- _DATA EXTRACT_:
________________________________________

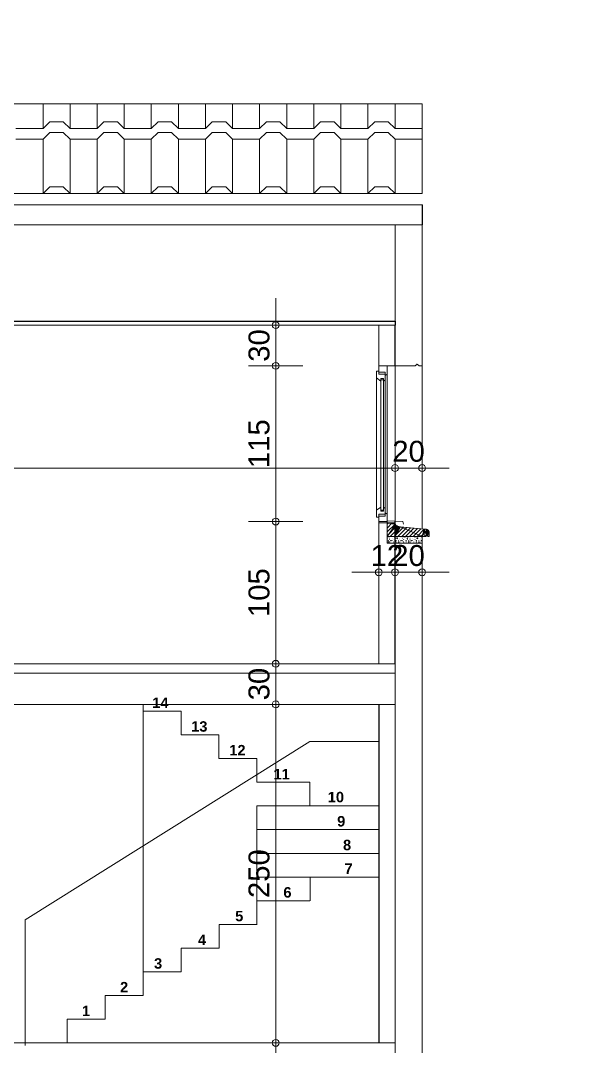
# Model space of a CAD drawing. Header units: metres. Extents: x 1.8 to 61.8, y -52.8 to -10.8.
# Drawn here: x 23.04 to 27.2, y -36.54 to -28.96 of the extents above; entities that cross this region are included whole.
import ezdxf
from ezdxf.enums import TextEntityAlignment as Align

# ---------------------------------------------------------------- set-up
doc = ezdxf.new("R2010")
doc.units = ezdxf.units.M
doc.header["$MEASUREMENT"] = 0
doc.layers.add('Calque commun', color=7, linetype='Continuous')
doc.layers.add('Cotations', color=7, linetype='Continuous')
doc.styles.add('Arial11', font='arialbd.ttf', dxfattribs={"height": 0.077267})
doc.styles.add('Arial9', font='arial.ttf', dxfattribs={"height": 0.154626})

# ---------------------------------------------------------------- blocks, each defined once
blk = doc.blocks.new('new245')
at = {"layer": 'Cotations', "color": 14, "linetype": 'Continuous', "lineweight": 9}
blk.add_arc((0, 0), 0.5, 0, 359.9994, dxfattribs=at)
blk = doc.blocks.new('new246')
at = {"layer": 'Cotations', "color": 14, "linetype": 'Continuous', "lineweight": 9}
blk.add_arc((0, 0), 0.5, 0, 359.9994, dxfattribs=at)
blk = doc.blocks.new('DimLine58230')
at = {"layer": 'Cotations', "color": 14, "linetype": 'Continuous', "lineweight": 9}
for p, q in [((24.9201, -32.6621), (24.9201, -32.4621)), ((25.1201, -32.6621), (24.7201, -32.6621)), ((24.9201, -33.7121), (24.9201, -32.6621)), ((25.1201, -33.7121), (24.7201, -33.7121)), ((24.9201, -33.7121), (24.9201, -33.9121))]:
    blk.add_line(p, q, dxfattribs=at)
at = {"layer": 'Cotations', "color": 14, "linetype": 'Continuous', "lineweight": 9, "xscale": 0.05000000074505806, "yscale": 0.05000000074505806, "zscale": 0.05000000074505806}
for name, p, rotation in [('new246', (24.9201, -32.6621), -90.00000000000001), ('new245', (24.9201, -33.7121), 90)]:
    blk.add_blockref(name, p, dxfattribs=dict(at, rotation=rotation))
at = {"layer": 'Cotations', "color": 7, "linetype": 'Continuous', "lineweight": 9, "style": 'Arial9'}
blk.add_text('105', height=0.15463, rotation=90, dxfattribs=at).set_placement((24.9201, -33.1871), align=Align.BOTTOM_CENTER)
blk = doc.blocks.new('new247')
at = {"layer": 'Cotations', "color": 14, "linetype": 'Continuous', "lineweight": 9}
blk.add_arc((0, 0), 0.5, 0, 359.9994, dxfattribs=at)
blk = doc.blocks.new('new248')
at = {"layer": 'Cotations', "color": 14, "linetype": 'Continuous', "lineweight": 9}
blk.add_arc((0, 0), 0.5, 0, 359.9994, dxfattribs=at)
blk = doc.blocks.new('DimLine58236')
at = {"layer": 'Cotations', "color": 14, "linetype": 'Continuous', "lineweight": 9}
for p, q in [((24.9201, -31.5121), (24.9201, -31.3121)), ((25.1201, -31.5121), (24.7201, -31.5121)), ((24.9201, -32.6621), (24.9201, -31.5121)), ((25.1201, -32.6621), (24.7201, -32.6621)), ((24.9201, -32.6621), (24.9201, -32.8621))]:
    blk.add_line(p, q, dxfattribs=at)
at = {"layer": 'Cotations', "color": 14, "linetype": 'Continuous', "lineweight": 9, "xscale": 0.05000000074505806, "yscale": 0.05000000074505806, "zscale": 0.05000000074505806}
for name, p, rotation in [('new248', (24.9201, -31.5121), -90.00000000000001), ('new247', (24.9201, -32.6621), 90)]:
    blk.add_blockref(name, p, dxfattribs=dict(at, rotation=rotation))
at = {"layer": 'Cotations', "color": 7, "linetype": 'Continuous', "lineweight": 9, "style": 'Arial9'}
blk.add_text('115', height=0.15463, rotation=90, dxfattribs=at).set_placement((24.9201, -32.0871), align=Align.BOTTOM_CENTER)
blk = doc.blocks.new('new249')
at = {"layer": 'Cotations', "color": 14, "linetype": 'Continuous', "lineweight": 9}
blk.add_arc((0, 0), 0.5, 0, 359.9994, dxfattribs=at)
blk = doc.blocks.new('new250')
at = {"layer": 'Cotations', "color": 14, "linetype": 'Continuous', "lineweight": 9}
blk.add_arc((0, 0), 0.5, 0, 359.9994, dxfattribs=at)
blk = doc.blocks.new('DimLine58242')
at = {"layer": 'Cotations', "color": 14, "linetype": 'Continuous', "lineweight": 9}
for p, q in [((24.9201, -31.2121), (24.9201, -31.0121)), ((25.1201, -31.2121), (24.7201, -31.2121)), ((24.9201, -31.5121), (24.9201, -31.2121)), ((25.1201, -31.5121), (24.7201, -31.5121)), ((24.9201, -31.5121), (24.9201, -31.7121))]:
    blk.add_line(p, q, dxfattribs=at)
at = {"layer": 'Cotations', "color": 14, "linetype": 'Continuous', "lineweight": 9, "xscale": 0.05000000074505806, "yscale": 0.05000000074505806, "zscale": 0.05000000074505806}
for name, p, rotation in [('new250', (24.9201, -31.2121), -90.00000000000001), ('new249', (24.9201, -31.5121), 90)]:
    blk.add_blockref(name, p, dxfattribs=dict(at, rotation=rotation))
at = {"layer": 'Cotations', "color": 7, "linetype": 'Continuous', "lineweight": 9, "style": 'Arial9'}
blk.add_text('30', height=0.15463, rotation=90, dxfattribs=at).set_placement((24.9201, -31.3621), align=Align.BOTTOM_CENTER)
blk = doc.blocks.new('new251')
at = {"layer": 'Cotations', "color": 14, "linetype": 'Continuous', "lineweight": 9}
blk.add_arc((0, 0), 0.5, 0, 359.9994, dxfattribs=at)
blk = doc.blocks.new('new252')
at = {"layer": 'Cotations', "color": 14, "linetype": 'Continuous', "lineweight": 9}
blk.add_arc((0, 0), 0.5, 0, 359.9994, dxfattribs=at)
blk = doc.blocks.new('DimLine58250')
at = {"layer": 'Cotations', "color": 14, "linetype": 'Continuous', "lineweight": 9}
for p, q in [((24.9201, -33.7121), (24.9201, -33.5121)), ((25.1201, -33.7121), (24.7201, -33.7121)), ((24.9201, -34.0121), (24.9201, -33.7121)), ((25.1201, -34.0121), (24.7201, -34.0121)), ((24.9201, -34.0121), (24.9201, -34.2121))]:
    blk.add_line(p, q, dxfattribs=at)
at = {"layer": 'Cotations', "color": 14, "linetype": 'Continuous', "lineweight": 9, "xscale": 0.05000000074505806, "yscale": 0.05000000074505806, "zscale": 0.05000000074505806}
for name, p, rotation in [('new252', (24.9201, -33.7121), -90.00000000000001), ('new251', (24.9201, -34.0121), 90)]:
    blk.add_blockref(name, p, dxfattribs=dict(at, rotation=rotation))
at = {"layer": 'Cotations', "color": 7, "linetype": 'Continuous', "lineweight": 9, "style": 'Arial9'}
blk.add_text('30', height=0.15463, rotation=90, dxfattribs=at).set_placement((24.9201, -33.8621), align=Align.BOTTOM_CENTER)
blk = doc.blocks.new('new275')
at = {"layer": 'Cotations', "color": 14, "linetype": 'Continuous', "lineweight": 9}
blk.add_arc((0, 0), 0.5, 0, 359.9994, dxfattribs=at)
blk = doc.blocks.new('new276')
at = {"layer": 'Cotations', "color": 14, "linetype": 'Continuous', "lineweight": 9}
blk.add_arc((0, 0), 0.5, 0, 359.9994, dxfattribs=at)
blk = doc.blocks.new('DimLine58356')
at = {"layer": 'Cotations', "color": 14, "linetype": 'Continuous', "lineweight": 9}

________________________________________

- _PROBLEM TO SOLVE_: Show the lines of the data that hold the word "import".

- _SOLUTION TO THIS PROBLEM_:
import ezdxf
from ezdxf.enums import TextEntityAlignment as Align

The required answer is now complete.